-- Work task --
Find every line of the records that has "linetype" and return it.

(Records contained in a dataset)

========================================

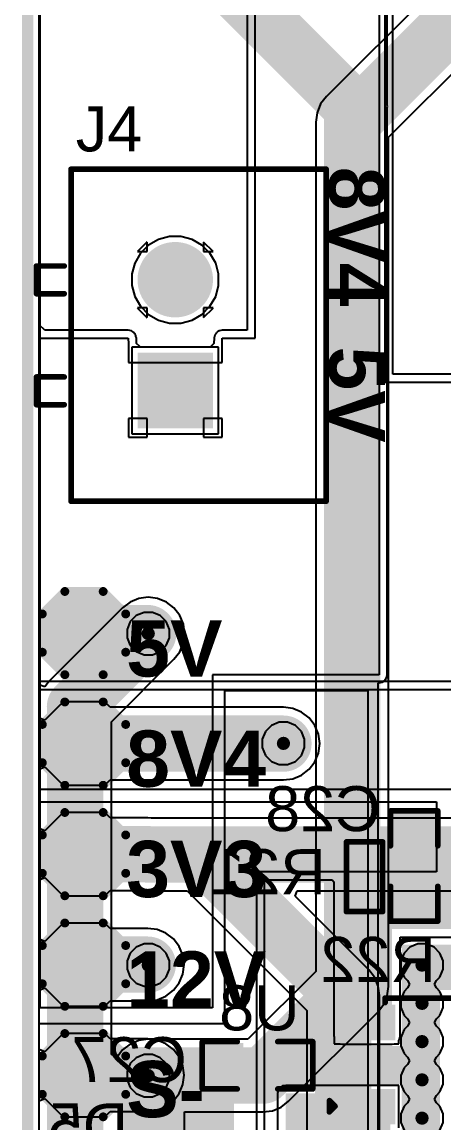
# Model space of a CAD drawing. Header units: inches. Extents: x 0 to 5376, y 0 to 5416.
# Drawn here: x -0.13 to 9.38, y 45.87 to 70.71 of the extents above; entities that cross this region are included whole.
import ezdxf

# ---------------------------------------------------------------- set-up
doc = ezdxf.new("R2010")
doc.units = ezdxf.units.IN
for name, color, linetype in [('Board Outline', 216, 'Continuous'), ('Bottom Layer', 5, 'Continuous'), ('Bottom Overlay', 54, 'Continuous'), ('Bottom Paste', 16, 'Continuous'), ('Bottom Solder', 6, 'Continuous'), ('Layer 1', 16, 'Continuous'), ('Layer 2', 76, 'Continuous'), ('Multi-Layer', 9, 'Continuous'), ('Pad Holes', 156, 'Continuous'), ('Top Layer', 1, 'Continuous'), ('Top Overlay', 2, 'Continuous'), ('Top Paste', 8, 'Continuous'), ('Top Solder', 216, 'Continuous'), ('Via Holes', 16, 'Continuous')]:
    doc.layers.add(name, color=color, linetype=linetype)
doc.styles.add('Arial', font='', dxfattribs={"height": 0.2})
doc.styles.add('Arial_Bold', font='', dxfattribs={"height": 0.2})
doc.styles.get('Arial').set_extended_font_data('Arial')
doc.styles.get('Arial_Bold').set_extended_font_data('Arial', bold=True)

msp = doc.modelspace()

# ---------------------------------------------------------------- hatches: boundary and pattern name
at = {"layer": 'Bottom Layer'}
h = msp.add_hatch(color=5, dxfattribs=at)
edge = h.paths.add_edge_path()
edge.add_arc((3.327, 64.897), 0.8, 0, 360)
for points in [[(4.127, 61.597), (2.527, 61.597), (2.527, 63.197), (4.127, 63.197)], [(9.157, 52.045), (8.268, 52.045), (8.268, 52.807), (9.157, 52.807)], [(7.277, 52.121), (7.912, 52.121), (7.912, 51.664), (7.277, 51.664)], [(7.087, 51.308), (7.087, 50.241), (10.439, 50.241), (10.439, 51.308)], [(9.157, 50.521), (8.268, 50.521), (8.268, 51.283), (9.157, 51.283)], [(7.277, 51.181), (7.912, 51.181), (7.912, 50.724), (7.277, 50.724)], [(7.087, 50.838), (7.087, 47.828), (8.217, 47.828), (8.217, 50.838)], [(8.433, 49.886), (8.433, 44.425), (9.296, 44.425), (9.296, 49.886)], [(8.433, 49.886), (8.433, 48.87), (12.217, 48.87), (12.217, 49.886)], [(7.086, 48.433), (8.186, 48.433), (8.186, 47.833), (7.086, 47.833)], [(4.801, 47.612), (4.801, 46.723), (4.039, 46.723), (4.039, 47.612)], [(6.325, 47.612), (6.325, 46.723), (5.563, 46.723), (5.563, 47.612)], [(5.563, 47.6), (5.563, 46.736), (9.068, 46.736), (9.068, 47.6)], [(7.086, 47.483), (8.186, 47.483), (8.186, 46.883), (7.086, 46.883)], [(5.817, 38.405), (8.179, 38.405), (8.179, 46.533), (5.817, 46.533)], [(7.086, 46.533), (8.186, 46.533), (8.186, 45.933), (7.086, 45.933)]]:
    msp.add_hatch(color=5, dxfattribs=at).paths.add_polyline_path(points)
h = msp.add_hatch(color=5, dxfattribs=at)
edge = h.paths.add_edge_path()
edge.add_arc((2.718, 56.911), 0.3, 0, 360)
h = msp.add_hatch(color=5, dxfattribs=at)
edge = h.paths.add_edge_path()
edge.add_arc((5.766, 54.432), 0.3, 0, 360)
h = msp.add_hatch(color=5, dxfattribs=at)
edge = h.paths.add_edge_path()
edge.add_arc((2.718, 49.428), 0.3, 0, 360)
h = msp.add_hatch(color=5, dxfattribs=at)
edge = h.paths.add_edge_path()
edge.add_arc((8.89, 49.428), 0.3, 0, 360)
h = msp.add_hatch(color=5, dxfattribs=at)
edge = h.paths.add_edge_path()
edge.add_arc((8.89, 48.565), 0.3, 0, 360)
h = msp.add_hatch(color=5, dxfattribs=at)
edge = h.paths.add_edge_path()
edge.add_arc((8.89, 47.701), 0.3, 0, 360)
h = msp.add_hatch(color=5, dxfattribs=at)
edge = h.paths.add_edge_path()
edge.add_arc((2.718, 46.934), 0.3, 0, 360)
h = msp.add_hatch(color=5, dxfattribs=at)
edge = h.paths.add_edge_path()
edge.add_arc((8.89, 46.838), 0.3, 0, 360)
h = msp.add_hatch(color=5, dxfattribs=at)
edge = h.paths.add_edge_path()
edge.add_arc((8.89, 45.974), 0.3, 0, 360)
at = {"layer": 'Bottom Overlay'}
msp.add_hatch(color=54, dxfattribs=at).paths.add_polyline_path([(2.515, 46.536), (2.515, 45.393), (4.648, 45.393), (4.648, 46.536)])
at = {"layer": 'Bottom Paste'}
for points in [[(9.157, 52.045), (8.268, 52.045), (8.268, 52.807), (9.157, 52.807)], [(7.277, 52.121), (7.912, 52.121), (7.912, 51.664), (7.277, 51.664)], [(9.157, 50.521), (8.268, 50.521), (8.268, 51.283), (9.157, 51.283)], [(7.277, 51.181), (7.912, 51.181), (7.912, 50.724), (7.277, 50.724)], [(7.086, 48.433), (8.186, 48.433), (8.186, 47.833), (7.086, 47.833)], [(4.801, 47.612), (4.801, 46.723), (4.039, 46.723), (4.039, 47.612)], [(6.325, 47.612), (6.325, 46.723), (5.563, 46.723), (5.563, 47.612)], [(7.086, 47.483), (8.186, 47.483), (8.186, 46.883), (7.086, 46.883)], [(7.086, 46.533), (8.186, 46.533), (8.186, 45.933), (7.086, 45.933)]]:
    msp.add_hatch(color=16, dxfattribs=at).paths.add_polyline_path(points)
at = {"layer": 'Bottom Solder'}
h = msp.add_hatch(color=6, dxfattribs=at)
edge = h.paths.add_edge_path()
edge.add_arc((3.327, 64.897), 0.851, 0, 360)
for points in [[(4.178, 61.546), (2.477, 61.546), (2.477, 63.248), (4.178, 63.248)], [(9.217, 51.985), (8.208, 51.985), (8.208, 52.867), (9.217, 52.867)], [(7.222, 52.176), (7.967, 52.176), (7.967, 51.609), (7.222, 51.609)], [(7.222, 51.236), (7.967, 51.236), (7.967, 50.669), (7.222, 50.669)], [(9.217, 50.461), (8.208, 50.461), (8.208, 51.343), (9.217, 51.343)], [(6.985, 48.535), (8.288, 48.535), (8.288, 47.731), (6.985, 47.731)], [(4.861, 47.672), (4.861, 46.663), (3.979, 46.663), (3.979, 47.672)], [(6.385, 47.672), (6.385, 46.663), (5.503, 46.663), (5.503, 47.672)], [(6.985, 47.585), (8.288, 47.585), (8.288, 46.781), (6.985, 46.781)], [(6.985, 46.635), (8.288, 46.635), (8.288, 45.831), (6.985, 45.831)]]:
    msp.add_hatch(color=6, dxfattribs=at).paths.add_polyline_path(points)
h = msp.add_hatch(color=6, dxfattribs=at)
edge = h.paths.add_edge_path()
edge.add_arc((8.89, 48.565), 0.252, 0, 360)
h = msp.add_hatch(color=6, dxfattribs=at)
edge = h.paths.add_edge_path()
edge.add_arc((8.89, 47.701), 0.252, 0, 360)
h = msp.add_hatch(color=6, dxfattribs=at)
edge = h.paths.add_edge_path()
edge.add_arc((8.89, 46.838), 0.252, 0, 360)
h = msp.add_hatch(color=6, dxfattribs=at)
edge = h.paths.add_edge_path()
edge.add_arc((8.89, 45.974), 0.252, 0, 360)
at = {"layer": 'Layer 1'}
h = msp.add_hatch(color=16, dxfattribs=at)
edge = h.paths.add_edge_path()
edge.add_arc((3.327, 64.897), 0.8, 0, 360)
msp.add_hatch(color=16, dxfattribs=at).paths.add_polyline_path([(4.127, 61.597), (2.527, 61.597), (2.527, 63.197), (4.127, 63.197)])
h = msp.add_hatch(color=16, dxfattribs=at)
edge = h.paths.add_edge_path()
edge.add_arc((2.718, 56.911), 0.3, 0, 360)
h = msp.add_hatch(color=16, dxfattribs=at)
edge = h.paths.add_edge_path()
edge.add_arc((5.766, 54.432), 0.3, 0, 360)
h = msp.add_hatch(color=16, dxfattribs=at)
edge = h.paths.add_edge_path()
edge.add_arc((2.718, 49.428), 0.3, 0, 360)
h = msp.add_hatch(color=16, dxfattribs=at)
edge = h.paths.add_edge_path()
edge.add_arc((8.89, 49.428), 0.3, 0, 360)
h = msp.add_hatch(color=16, dxfattribs=at)
edge = h.paths.add_edge_path()
edge.add_arc((8.89, 48.565), 0.3, 0, 360)
h = msp.add_hatch(color=16, dxfattribs=at)
edge = h.paths.add_edge_path()
edge.add_arc((8.89, 47.701), 0.3, 0, 360)
h = msp.add_hatch(color=16, dxfattribs=at)
edge = h.paths.add_edge_path()
edge.add_arc((2.718, 46.934), 0.3, 0, 360)
h = msp.add_hatch(color=16, dxfattribs=at)
edge = h.paths.add_edge_path()
edge.add_arc((8.89, 46.838), 0.3, 0, 360)
h = msp.add_hatch(color=16, dxfattribs=at)
edge = h.paths.add_edge_path()
edge.add_arc((8.89, 45.974), 0.3, 0, 360)
at = {"layer": 'Layer 2'}
h = msp.add_hatch(color=76, dxfattribs=at)
edge = h.paths.add_edge_path()
edge.add_arc((3.327, 64.897), 0.8, 0, 360)
msp.add_hatch(color=76, dxfattribs=at).paths.add_polyline_path([(4.127, 61.597), (2.527, 61.597), (2.527, 63.197), (4.127, 63.197)])
h = msp.add_hatch(color=76, dxfattribs=at)
edge = h.paths.add_edge_path()
edge.add_arc((2.718, 56.911), 0.3, 0, 360)
h = msp.add_hatch(color=76, dxfattribs=at)
edge = h.paths.add_edge_path()
edge.add_arc((5.766, 54.432), 0.3, 0, 360)
h = msp.add_hatch(color=76, dxfattribs=at)
edge = h.paths.add_edge_path()
edge.add_arc((2.718, 49.428), 0.3, 0, 360)
h = msp.add_hatch(color=76, dxfattribs=at)
edge = h.paths.add_edge_path()
edge.add_arc((8.89, 49.428), 0.3, 0, 360)
h = msp.add_hatch(color=76, dxfattribs=at)
edge = h.paths.add_edge_path()
edge.add_arc((8.89, 48.565), 0.3, 0, 360)
h = msp.add_hatch(color=76, dxfattribs=at)
edge = h.paths.add_edge_path()
edge.add_arc((8.89, 47.701), 0.3, 0, 360)
h = msp.add_hatch(color=76, dxfattribs=at)
edge = h.paths.add_edge_path()
edge.add_arc((2.718, 46.934), 0.3, 0, 360)
h = msp.add_hatch(color=76, dxfattribs=at)
edge = h.paths.add_edge_path()
edge.add_arc((8.89, 46.838), 0.3, 0, 360)
h = msp.add_hatch(color=76, dxfattribs=at)
edge = h.paths.add_edge_path()
edge.add_arc((8.89, 45.974), 0.3, 0, 360)
at = {"layer": 'Multi-Layer'}
h = msp.add_hatch(color=9, dxfattribs=at)
edge = h.paths.add_edge_path()
edge.add_arc((3.327, 64.897), 0.8, 0, 360)
msp.add_hatch(color=9, dxfattribs=at).paths.add_polyline_path([(4.127, 61.597), (2.527, 61.597), (2.527, 63.197), (4.127, 63.197)])
at = {"layer": 'Pad Holes'}
h = msp.add_hatch(color=7, dxfattribs=at)
edge = h.paths.add_edge_path()
edge.add_arc((3.327, 64.897), 0.5, 0, 360)
h = msp.add_hatch(color=7, dxfattribs=at)
edge = h.paths.add_edge_path()
edge.add_arc((3.327, 62.397), 0.5, 0, 360)
at = {"layer": 'Top Layer'}
h = msp.add_hatch(color=1, dxfattribs=at)
edge = h.paths.add_edge_path()
edge.add_arc((3.327, 64.897), 0.8, 0, 360)
for points in [[(4.127, 61.597), (2.527, 61.597), (2.527, 63.197), (4.127, 63.197)], [(1.651, 57.683), (0.889, 57.683), (0.508, 57.302), (0.508, 56.54), (0.889, 56.159), (1.651, 56.159), (2.032, 56.54), (2.032, 57.302)], [(1.651, 55.189), (0.889, 55.189), (0.508, 54.808), (0.508, 54.046), (0.889, 53.665), (1.651, 53.665), (2.032, 54.046), (2.032, 54.808)], [(1.651, 52.695), (0.889, 52.695), (0.508, 52.314), (0.508, 51.552), (0.889, 51.171), (1.651, 51.171), (2.032, 51.552), (2.032, 52.314)], [(1.651, 50.201), (0.889, 50.201), (0.508, 49.82), (0.508, 49.058), (0.889, 48.677), (1.651, 48.677), (2.032, 49.058), (2.032, 49.82)], [(1.651, 47.706), (0.889, 47.706), (0.508, 47.325), (0.508, 46.563), (0.889, 46.182), (1.651, 46.182), (2.032, 46.563), (2.032, 47.325)]]:
    msp.add_hatch(color=1, dxfattribs=at).paths.add_polyline_path(points)
h = msp.add_hatch(color=1, dxfattribs=at)
edge = h.paths.add_edge_path()
edge.add_arc((2.718, 56.911), 0.3, 0, 360)
h = msp.add_hatch(color=1, dxfattribs=at)
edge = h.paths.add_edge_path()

========================================

-- Written response --
for name, color, linetype in [('Board Outline', 216, 'Continuous'), ('Bottom Layer', 5, 'Continuous'), ('Bottom Overlay', 54, 'Continuous'), ('Bottom Paste', 16, 'Continuous'), ('Bottom Solder', 6, 'Continuous'), ('Layer 1', 16, 'Continuous'), ('Layer 2', 76, 'Continuous'), ('Multi-Layer', 9, 'Continuous'), ('Pad Holes', 156, 'Continuous'), ('Top Layer', 1, 'Continuous'), ('Top Overlay', 2, 'Continuous'), ('Top Paste', 8, 'Continuous'), ('Top Solder', 216, 'Continuous'), ('Via Holes', 16, 'Continuous')]:
    doc.layers.add(name, color=color, linetype=linetype)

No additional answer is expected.